Various NSPE films of (75PEO/25PVDF)/25 wt% LiClO4x wt% TiO2 compositions were prepared by casting from solution. The effect of TiO2 nanofiller concentration on the morphological, structural, dielectric polarization and relaxation, ionic conduction, and electrochemical properties of these NSPE films was investigated. The XRD results of these electrolytes confirm the presence of a small amount of characteristic PEO crystallites and the β-phase crystals of PVDF, and also unveil significant alteration in these polymers crystals with the addition of TiO2 nanoparticles. The degree of crystallinity of the blend polymer matrix significantly decreased and that of the bulk composite materials increased in the presence of TiO2 nanoparticles. The homogeneous dispersion of the TiO2 nanoparticles is evidenced from the increase in intensities of the characteristic TiO2 peaks with the increase in its amount in these nanocomposite electrolytes. Further, the morphology of these NSPE films drastically changes with the initial addition of TiO2 nanoparticles and with the further increase of its concentration.

The dielectric spectroscopic results confirm that these heterogeneous dielectric materials have a dominant contribution of electrode polarization at lower frequencies, interfacial polarization at intermediate frequencies, and molecular and ionic polarization at high frequencies in the frequency range of 20 Hz–1 MHz at 27 °C. The relaxation processes corresponding to these polarizations have been demonstrated by the ‘master curve representation’ of the complex dielectric and electric spectra, simultaneously. The real part of ac electrical conductivity of these NSPE films obeys Jonscher power law in the high frequency region with fractional exponent values ≃ 0.50 to 0.73 confirming that the transport of ions occurs through hopping and the chain segmental dynamics facilitate this mechanism.

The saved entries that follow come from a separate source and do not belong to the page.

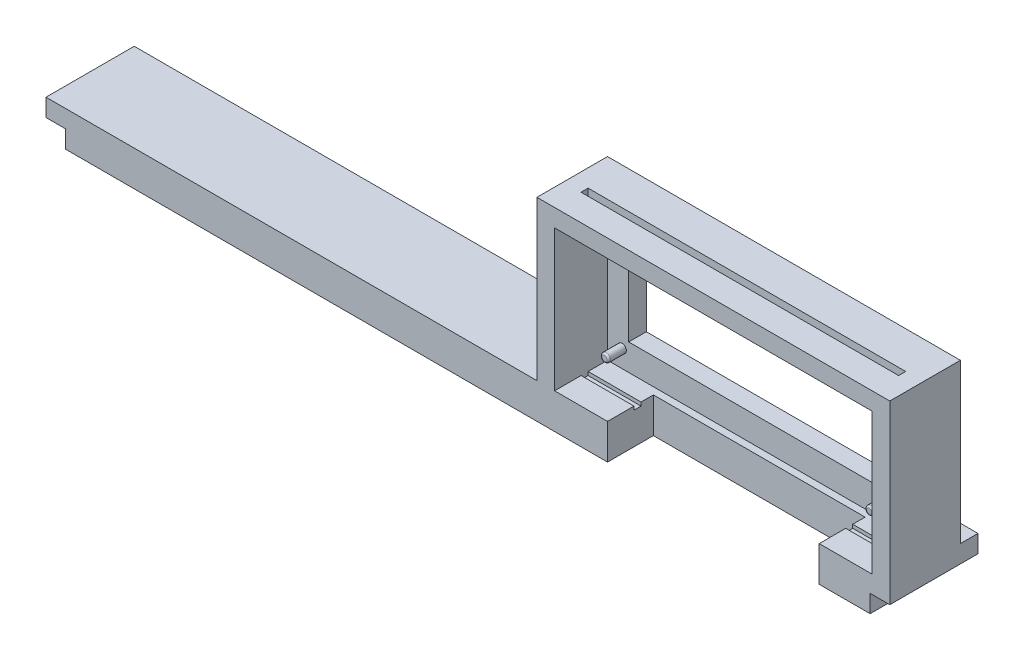
SolidWorks part; units mm, degrees
ref_plane "Front Plane" through (0, 0, 0) normal (0, 0, 1) x (1, 0, 0)
ref_plane "Top Plane" through (0, 0, 0) normal (0, 1, 0) x (1, 0, 0)
ref_plane "Right Plane" through (0, 0, 0) normal (1, 0, 0) x (0, 0, -1)
sketch "Sketch2" plane through (0, 0, 0) normal (0, 0, 1) x (1, 0, 0)
  line L1 (-58.56, 4.1842) -> (41.44, 4.1842)
  line L2 (-58.56, 4.1842) -> (-58.56, -45.8158)
  line L3 (-58.56, -45.8158) -> (41.44, -45.8158)
  line L4 (41.44, 4.1842) -> (41.44, -45.8158)
  dimension "D1" = 50
  dimension "D2" = 100
extrude "Boss-Extrude1" add sketch "Sketch2" along normal blind 20
shell "Shell1" thickness 5
sketch "Sketch3" plane through (0, 0, 20) normal (0, 0, 1) x (1, 0, 0)
  circle A0 centre (-55.774, 1.3816) radius 1.5
ref_plane "Plane1" through (-8.56, 0, 0) normal (-1, 0, 0) x (0, 0, 1)
ref_plane "Plane2" through (0, -20.8158, 0) normal (0, 1, 0) x (1, 0, 0)
sketch "Sketch5" plane through (0, 0, 0) normal (0, 0, -1) x (-1, 0, 0)
  line L0 (-41.44, 4.1842) -> (58.56, 4.1842) construction
  line L1 (-24.44, -8.3158) -> (47.56, -8.3158)
  line L2 (-24.44, -8.3158) -> (-24.44, -33.3158)
  line L3 (-24.44, -33.3158) -> (47.56, -33.3158)
  line L4 (47.56, -8.3158) -> (47.56, -33.3158)
  line L5 (-41.44, -45.8158) -> (-41.44, 4.1842) construction
  dimension "D1" = 25
  dimension "D2" = 72
  dimension "D3" = 12.5
  dimension "D4" = 17
extrude "Cut-Extrude1" cut sketch "Sketch5" against normal through all
sketch "Sketch6" plane through (0, 0, 0) normal (0, 0, -1) x (-1, 0, 0)
  line L0 (11, -20.8158) -> (-11, -20.8158) construction
  line L1 (-24.44, -8.3158) -> (-24.44, -33.3158) construction
  circle A0 centre (-32.94, -20.8158) radius 1.8
  dimension "D1" = 8.5
extrude "Cut-Extrude2" cut sketch "Sketch6" against normal through all contours A0
sketch "Sketch7" plane through (0, 0, 5) normal (0, 0, 1) x (1, 0, 0)
  line L0 (36.44, -40.8158) -> (36.44, -0.8158) construction
  line L1 (29.94, -16.8158) -> (35.94, -16.8158)
  line L2 (29.94, -16.8158) -> (29.94, -24.8158)
  line L3 (29.94, -24.8158) -> (35.94, -24.8158)
  line L4 (35.94, -16.8158) -> (35.94, -24.8158)
  line L5 (11, -20.8158) -> (-11, -20.8158) construction
  dimension "D1" = 8
  dimension "D2" = 0.5
  dimension "D3" = 4
  dimension "D4" = 6
extrude "Cut-Extrude3" cut sketch "Sketch7" against normal blind 4
sketch "Sketch8" plane through (0, -45.8158, 0) normal (0, -1, 0) x (1, 0, 0)
  line L1 (41.44, 20) -> (-197.7, 20)
  line L2 (41.44, 20) -> (41.44, -5)
  line L3 (41.44, -5) -> (-197.7, -5)
  line L4 (-197.7, 20) -> (-197.7, -5)
  dimension "D1" = 25
  dimension "D2" = 239.14
extrude "Boss-Extrude2" add sketch "Sketch8" against normal blind 5
sketch "Sketch9" plane through (0, -45.8158, 0) normal (0, -1, 0) x (1, 0, 0)
  line L0 (41.44, 20) -> (-197.7, 20) construction
  line L1 (-192.13, 20) -> (35.87, 20)
  line L2 (-192.13, 20) -> (-192.13, 1)
  line L3 (-192.13, 1) -> (35.87, 1)
  line L4 (35.87, 20) -> (35.87, 1)
  line L5 (-197.7, 20) -> (-197.7, -5) construction
  dimension "D1" = 19
  dimension "D2" = 228
  dimension "D3" = 0
  dimension "D4" = 5.57
extrude "Boss-Extrude3" add sketch "Sketch9" along normal blind 5
sketch "Sketch10" plane through (0, -40.8158, 0) normal (0, 1, 0) x (1, 0, 0)
  line L0 (21.44, -7) -> (21.44, -20)
  line L1 (21.44, -7) -> (-38.56, -7)
  line L2 (21.44, -20) -> (-38.56, -20)
  line L3 (-38.56, -7) -> (-38.56, -20)
  line L4 (21.44, -7) -> (-38.56, -20) construction
  line L5 (21.44, -20) -> (-38.56, -7) construction
  line L6 (-53.56, -20) -> (36.44, -20) construction
  line L7 (41.44, -20) -> (41.44, 5) construction
  point P1 (-8.56, -13.5)
  dimension "D1" = 13
  dimension "D2" = 60
  dimension "D3" = 0
  dimension "D4" = 30
  dimension "D5" = 20
extrude "Cut-Extrude4" cut sketch "Sketch10" against normal blind 19
sketch "Sketch11" plane through (0, 0, 5) normal (0, 0, 1) x (1, 0, 0)
  line L1 (-53.56, -0.8158) -> (-49.42, -0.8158)
  line L2 (-53.56, -0.8158) -> (-53.56, -4.7758)
  line L3 (-53.56, -4.7758) -> (-49.42, -4.7758)
  line L4 (-49.42, -0.8158) -> (-49.42, -4.7758)
  circle A0 centre (-49.42, -4.7758) radius 1.2
extrude "Boss-Extrude4" add sketch "Sketch11" along normal blind 5 contours A0
sketch "Sketch12" plane through (0, 0, 5) normal (0, 0, 1) x (1, 0, 0)
  line L1 (36.44, -0.8158) -> (25.58, -0.8158)
  line L2 (36.44, -0.8158) -> (36.44, -4.7758)
  line L3 (36.44, -4.7758) -> (25.58, -4.7758)
  line L4 (25.58, -0.8158) -> (25.58, -4.7758)
  circle A0 centre (25.58, -4.7758) radius 1.2
extrude "Boss-Extrude5" add sketch "Sketch12" along normal blind 5 contours A0
sketch "Sketch13" plane through (0, 0, 5) normal (0, 0, 1) x (1, 0, 0)
  line L1 (-53.56, -40.8158) -> (-49.42, -40.8158)
  line L2 (-53.56, -40.8158) -> (-53.56, -35.7758)
  line L3 (-53.56, -35.7758) -> (-49.42, -35.7758)
  line L4 (-49.42, -40.8158) -> (-49.42, -35.7758)
  circle A0 centre (-49.42, -35.7758) radius 1.2
extrude "Boss-Extrude6" add sketch "Sketch13" along normal blind 5 contours A0
sketch "Sketch14" plane through (0, 0, 5) normal (0, 0, 1) x (1, 0, 0)
  line L1 (36.44, -40.8158) -> (25.58, -40.8158)
  line L2 (36.44, -40.8158) -> (36.44, -35.7758)
  line L3 (36.44, -35.7758) -> (25.58, -35.7758)
  line L4 (25.58, -40.8158) -> (25.58, -35.7758)
  circle A0 centre (25.58, -35.7758) radius 1.2
extrude "Boss-Extrude7" add sketch "Sketch14" along normal blind 5 contours A0
fillet "Fillet3" radius 0.5 1 edges at (-48.22, -35.7758, 10)
fillet "Fillet4" radius 0.5 1 edges at (-48.22, -4.7758, 10)
fillet "Fillet5" radius 0.5 1 edges at (26.78, -4.7758, 10)
fillet "Fillet6" radius 0.5 1 edges at (26.78, -35.7758, 10)
sketch "Sketch16" plane through (0, -40.8158, 0) normal (0, 1, 0) x (1, 0, 0)
  line L2 (-53.56, -20) -> (-53.56, -5) construction
  line L3 (-53.56, -10.5) -> (-38.56, -10.5)
  line L4 (-53.56, -10.5) -> (-53.56, -12.5)
  line L5 (-53.56, -12.5) -> (-38.56, -12.5)
  line L6 (-38.56, -10.5) -> (-38.56, -12.5)
  line L7 (-38.56, -7) -> (-38.56, -20) construction
  line L9 (21.44, -20) -> (21.44, -7) construction
  line L10 (21.44, -10.5) -> (36.44, -10.5)
  line L11 (21.44, -10.5) -> (21.44, -12.5)
  line L12 (21.44, -12.5) -> (36.44, -12.5)
  line L13 (36.44, -10.5) -> (36.44, -12.5)
  line L14 (36.44, -20) -> (36.44, -5) construction
extrude "Cut-Extrude5" cut sketch "Sketch16" against normal blind 1
sketch "Sketch17" plane through (0, -0.8158, 0) normal (0, -1, 0) x (1, 0, 0)
  line L3 (-53.56, 20) -> (-53.56, 5) construction
  line L4 (-53.56, 10.5) -> (36.44, 10.5)
  line L5 (-53.56, 10.5) -> (-53.56, 12.5)
  line L6 (-53.56, 12.5) -> (36.44, 12.5)
  line L7 (36.44, 10.5) -> (36.44, 12.5)
  line L8 (36.44, 20) -> (36.44, 5) construction
extrude "Cut-Extrude6" cut sketch "Sketch17" against normal through all

The σdc values thus obtained are found maximum for the NSPE0 film without nanofiller, whereas the dispersion of 2 to 15 wt% TiO2 has lead to a small decrease in the ionic conductivity. Further, about one order of magnitude drop in the ionic conductivity value has been observed for the 20 wt% TiO2 containing NSPE20 film. The comparative results on conductivity and relaxation time unveil the adverse effect of TiO2 nanoparticles addition on the ion conduction in these PEO/PVDF blend matrix-based NSPE materials. The electrochemical performance of all these NSPE materials is found appreciable regarding their suitability in the development of all-solid-state ion-conducting devices.